Reputation: 357
I have a list of keywords like the following:
keywords = {'dog', 'people', 'bird', 'snake', 'rabbit', 'forest'}
I would like to get the percentage of times all of these words appear in each row of a column in a pandas dataframe. Each row in the column contains a lot of texts. With the following code, I get the count of the selected keywords in the column named perc_words
. Is there any way to transform this into a percentage?
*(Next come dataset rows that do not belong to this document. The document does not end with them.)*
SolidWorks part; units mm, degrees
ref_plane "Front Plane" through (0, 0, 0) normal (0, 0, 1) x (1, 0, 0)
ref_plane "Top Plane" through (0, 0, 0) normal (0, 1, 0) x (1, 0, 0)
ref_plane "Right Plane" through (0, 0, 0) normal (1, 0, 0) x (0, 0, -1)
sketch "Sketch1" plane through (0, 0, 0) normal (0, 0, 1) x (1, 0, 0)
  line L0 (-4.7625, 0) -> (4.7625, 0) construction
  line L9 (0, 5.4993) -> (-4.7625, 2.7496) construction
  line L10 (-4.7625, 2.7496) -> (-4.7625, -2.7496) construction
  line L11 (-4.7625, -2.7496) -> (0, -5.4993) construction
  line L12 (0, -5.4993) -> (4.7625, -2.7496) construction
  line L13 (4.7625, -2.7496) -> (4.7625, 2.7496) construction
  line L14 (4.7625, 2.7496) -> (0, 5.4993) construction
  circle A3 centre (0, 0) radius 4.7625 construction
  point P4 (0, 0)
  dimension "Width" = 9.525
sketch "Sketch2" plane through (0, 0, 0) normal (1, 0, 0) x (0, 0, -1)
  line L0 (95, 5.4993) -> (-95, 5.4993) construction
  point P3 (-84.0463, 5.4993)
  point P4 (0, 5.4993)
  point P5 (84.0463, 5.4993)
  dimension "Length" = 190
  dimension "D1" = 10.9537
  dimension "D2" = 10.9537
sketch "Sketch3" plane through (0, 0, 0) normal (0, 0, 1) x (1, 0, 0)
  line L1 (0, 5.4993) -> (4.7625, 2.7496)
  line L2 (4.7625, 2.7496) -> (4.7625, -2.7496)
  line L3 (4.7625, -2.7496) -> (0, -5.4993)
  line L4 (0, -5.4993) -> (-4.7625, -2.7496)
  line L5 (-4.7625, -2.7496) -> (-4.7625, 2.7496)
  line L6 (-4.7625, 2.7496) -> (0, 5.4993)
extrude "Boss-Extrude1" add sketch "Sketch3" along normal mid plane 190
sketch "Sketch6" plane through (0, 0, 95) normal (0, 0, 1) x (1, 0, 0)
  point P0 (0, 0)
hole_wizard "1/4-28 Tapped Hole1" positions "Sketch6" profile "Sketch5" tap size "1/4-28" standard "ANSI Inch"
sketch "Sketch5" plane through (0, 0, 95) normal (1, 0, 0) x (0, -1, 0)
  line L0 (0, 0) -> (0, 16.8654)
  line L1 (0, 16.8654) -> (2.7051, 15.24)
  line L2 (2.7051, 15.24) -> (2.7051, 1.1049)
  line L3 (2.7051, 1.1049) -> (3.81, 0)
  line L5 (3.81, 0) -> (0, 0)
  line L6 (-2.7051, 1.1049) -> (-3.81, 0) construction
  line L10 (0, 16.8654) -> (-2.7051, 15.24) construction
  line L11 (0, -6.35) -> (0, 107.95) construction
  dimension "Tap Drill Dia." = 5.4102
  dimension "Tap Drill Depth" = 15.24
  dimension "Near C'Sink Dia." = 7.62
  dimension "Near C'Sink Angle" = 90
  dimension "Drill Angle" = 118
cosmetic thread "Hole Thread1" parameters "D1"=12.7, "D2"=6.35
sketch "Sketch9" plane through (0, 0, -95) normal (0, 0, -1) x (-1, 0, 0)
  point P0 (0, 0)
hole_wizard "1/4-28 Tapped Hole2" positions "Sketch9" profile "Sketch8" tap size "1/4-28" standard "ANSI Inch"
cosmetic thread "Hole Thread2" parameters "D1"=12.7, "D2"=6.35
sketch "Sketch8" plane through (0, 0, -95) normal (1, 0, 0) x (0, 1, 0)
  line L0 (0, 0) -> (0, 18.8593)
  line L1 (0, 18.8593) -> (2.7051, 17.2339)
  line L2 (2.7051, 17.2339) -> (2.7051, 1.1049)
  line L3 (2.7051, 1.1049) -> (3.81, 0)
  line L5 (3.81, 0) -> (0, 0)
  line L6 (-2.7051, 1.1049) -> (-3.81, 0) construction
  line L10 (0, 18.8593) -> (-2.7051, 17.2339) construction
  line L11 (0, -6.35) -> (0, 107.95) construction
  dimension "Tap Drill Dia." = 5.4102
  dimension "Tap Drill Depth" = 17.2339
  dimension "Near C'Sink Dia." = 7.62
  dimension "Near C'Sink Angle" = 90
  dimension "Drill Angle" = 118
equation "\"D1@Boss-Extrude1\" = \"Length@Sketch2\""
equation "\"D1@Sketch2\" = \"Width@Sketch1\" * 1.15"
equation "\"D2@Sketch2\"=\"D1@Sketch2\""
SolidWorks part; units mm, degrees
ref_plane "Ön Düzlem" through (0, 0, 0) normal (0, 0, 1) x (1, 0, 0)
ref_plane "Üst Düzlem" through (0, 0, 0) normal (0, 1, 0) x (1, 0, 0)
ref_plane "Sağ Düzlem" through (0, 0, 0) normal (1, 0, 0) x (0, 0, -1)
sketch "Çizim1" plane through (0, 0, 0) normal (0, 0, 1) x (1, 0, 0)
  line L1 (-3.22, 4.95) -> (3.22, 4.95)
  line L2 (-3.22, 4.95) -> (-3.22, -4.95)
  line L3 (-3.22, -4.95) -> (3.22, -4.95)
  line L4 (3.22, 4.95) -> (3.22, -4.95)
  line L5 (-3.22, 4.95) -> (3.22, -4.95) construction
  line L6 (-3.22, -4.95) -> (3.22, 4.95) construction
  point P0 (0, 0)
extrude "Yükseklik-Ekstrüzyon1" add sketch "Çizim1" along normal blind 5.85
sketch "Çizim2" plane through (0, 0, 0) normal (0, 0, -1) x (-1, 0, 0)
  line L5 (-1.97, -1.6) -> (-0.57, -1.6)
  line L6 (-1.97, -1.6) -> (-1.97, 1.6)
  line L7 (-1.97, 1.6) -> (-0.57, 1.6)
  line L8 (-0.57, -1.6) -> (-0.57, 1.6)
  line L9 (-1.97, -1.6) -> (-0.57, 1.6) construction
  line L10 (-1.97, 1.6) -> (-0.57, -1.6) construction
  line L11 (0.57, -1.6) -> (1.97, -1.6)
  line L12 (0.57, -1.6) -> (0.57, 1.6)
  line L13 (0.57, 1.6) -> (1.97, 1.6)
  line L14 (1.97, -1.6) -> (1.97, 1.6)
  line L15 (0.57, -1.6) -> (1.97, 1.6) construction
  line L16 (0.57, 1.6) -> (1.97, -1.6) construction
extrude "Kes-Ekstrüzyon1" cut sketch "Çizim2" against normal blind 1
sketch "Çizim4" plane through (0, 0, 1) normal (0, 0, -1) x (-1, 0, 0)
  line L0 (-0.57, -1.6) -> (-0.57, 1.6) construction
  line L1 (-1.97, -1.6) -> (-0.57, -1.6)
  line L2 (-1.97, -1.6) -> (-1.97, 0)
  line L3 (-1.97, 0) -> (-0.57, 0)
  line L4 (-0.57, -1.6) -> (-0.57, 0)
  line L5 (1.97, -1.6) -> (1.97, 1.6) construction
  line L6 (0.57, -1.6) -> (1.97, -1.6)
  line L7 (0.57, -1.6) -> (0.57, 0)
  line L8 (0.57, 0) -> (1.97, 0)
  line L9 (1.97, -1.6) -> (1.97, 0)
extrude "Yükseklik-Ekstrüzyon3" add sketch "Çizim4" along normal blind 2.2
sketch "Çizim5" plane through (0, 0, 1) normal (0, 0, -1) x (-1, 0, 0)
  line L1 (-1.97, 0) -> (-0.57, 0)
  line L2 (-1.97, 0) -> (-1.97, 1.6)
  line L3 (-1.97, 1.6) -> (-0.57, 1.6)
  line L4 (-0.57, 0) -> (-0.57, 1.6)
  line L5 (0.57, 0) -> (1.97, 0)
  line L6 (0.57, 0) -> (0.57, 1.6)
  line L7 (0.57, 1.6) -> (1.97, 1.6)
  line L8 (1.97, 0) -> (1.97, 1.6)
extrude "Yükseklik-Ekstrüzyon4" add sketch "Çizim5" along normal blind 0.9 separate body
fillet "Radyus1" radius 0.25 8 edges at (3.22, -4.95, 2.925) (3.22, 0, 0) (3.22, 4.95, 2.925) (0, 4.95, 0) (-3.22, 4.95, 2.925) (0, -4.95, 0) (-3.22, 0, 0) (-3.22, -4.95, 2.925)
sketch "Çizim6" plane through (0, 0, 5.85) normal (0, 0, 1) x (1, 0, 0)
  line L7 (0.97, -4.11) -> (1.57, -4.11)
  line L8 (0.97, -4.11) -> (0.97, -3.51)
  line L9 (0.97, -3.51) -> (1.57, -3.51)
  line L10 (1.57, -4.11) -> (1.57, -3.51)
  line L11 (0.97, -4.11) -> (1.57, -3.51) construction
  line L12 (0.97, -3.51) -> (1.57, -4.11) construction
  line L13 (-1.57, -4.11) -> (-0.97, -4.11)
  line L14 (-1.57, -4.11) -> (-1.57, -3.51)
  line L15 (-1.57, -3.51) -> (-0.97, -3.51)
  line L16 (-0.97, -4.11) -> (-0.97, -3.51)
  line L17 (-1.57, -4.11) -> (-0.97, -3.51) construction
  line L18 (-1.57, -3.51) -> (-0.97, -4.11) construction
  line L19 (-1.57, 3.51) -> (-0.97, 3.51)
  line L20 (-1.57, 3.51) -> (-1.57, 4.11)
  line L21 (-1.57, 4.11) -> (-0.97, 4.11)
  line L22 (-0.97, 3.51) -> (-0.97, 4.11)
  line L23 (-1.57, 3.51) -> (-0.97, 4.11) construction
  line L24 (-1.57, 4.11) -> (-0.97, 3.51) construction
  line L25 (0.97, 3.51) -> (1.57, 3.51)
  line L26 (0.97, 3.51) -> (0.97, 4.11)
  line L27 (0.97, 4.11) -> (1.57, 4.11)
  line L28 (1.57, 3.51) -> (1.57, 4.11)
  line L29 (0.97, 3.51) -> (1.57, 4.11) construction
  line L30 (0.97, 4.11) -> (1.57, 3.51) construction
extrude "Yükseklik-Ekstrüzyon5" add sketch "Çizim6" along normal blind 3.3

Thanks much.
import pandas as pd
df['perc_words'] = df['text'].apply(lambda x: sum(i in keywords for i in str(x).split()))
Upvotes: 1
Views: 376
Reputation: 41407
You can use .str.count()
to count the occurrences of keywords
, then divide by .str.len()
:
df['perc_words'] = df.text.str.count('|'.join(keywords)) / df.text.str.split().str.len()
To get occurrences per 1000, you can multiply perc_words
by 1000:
df['per_1000'] = df.perc_words * 1000
Toy example:
df = pd.DataFrame({'text': ['dog apple', 'foo', 'people are people']})
# text
# 0 dog apple
# 1 foo
# 2 people are people
Count of keywords
:
df.text.str.count('|'.join(keywords))
# 0 1
# 1 0
# 2 2
# Name: text, dtype: int64
Count of total words:
df.text.str.split().str.len()
# 0 2
# 1 1
# 2 3
# Name: text, dtype: int64
Percentage of keywords
:
df['perc_words'] = df.text.str.count(r'|'.join(keywords)) / df.text.str.split().str.len()
df['per_1000'] = df.perc_words * 1000
# text perc_words per_1000
# 0 dog apple 0.500000 500.000000
# 1 foo 0.000000 0.000000
# 2 people are people 0.666667 666.666667
Upvotes: 1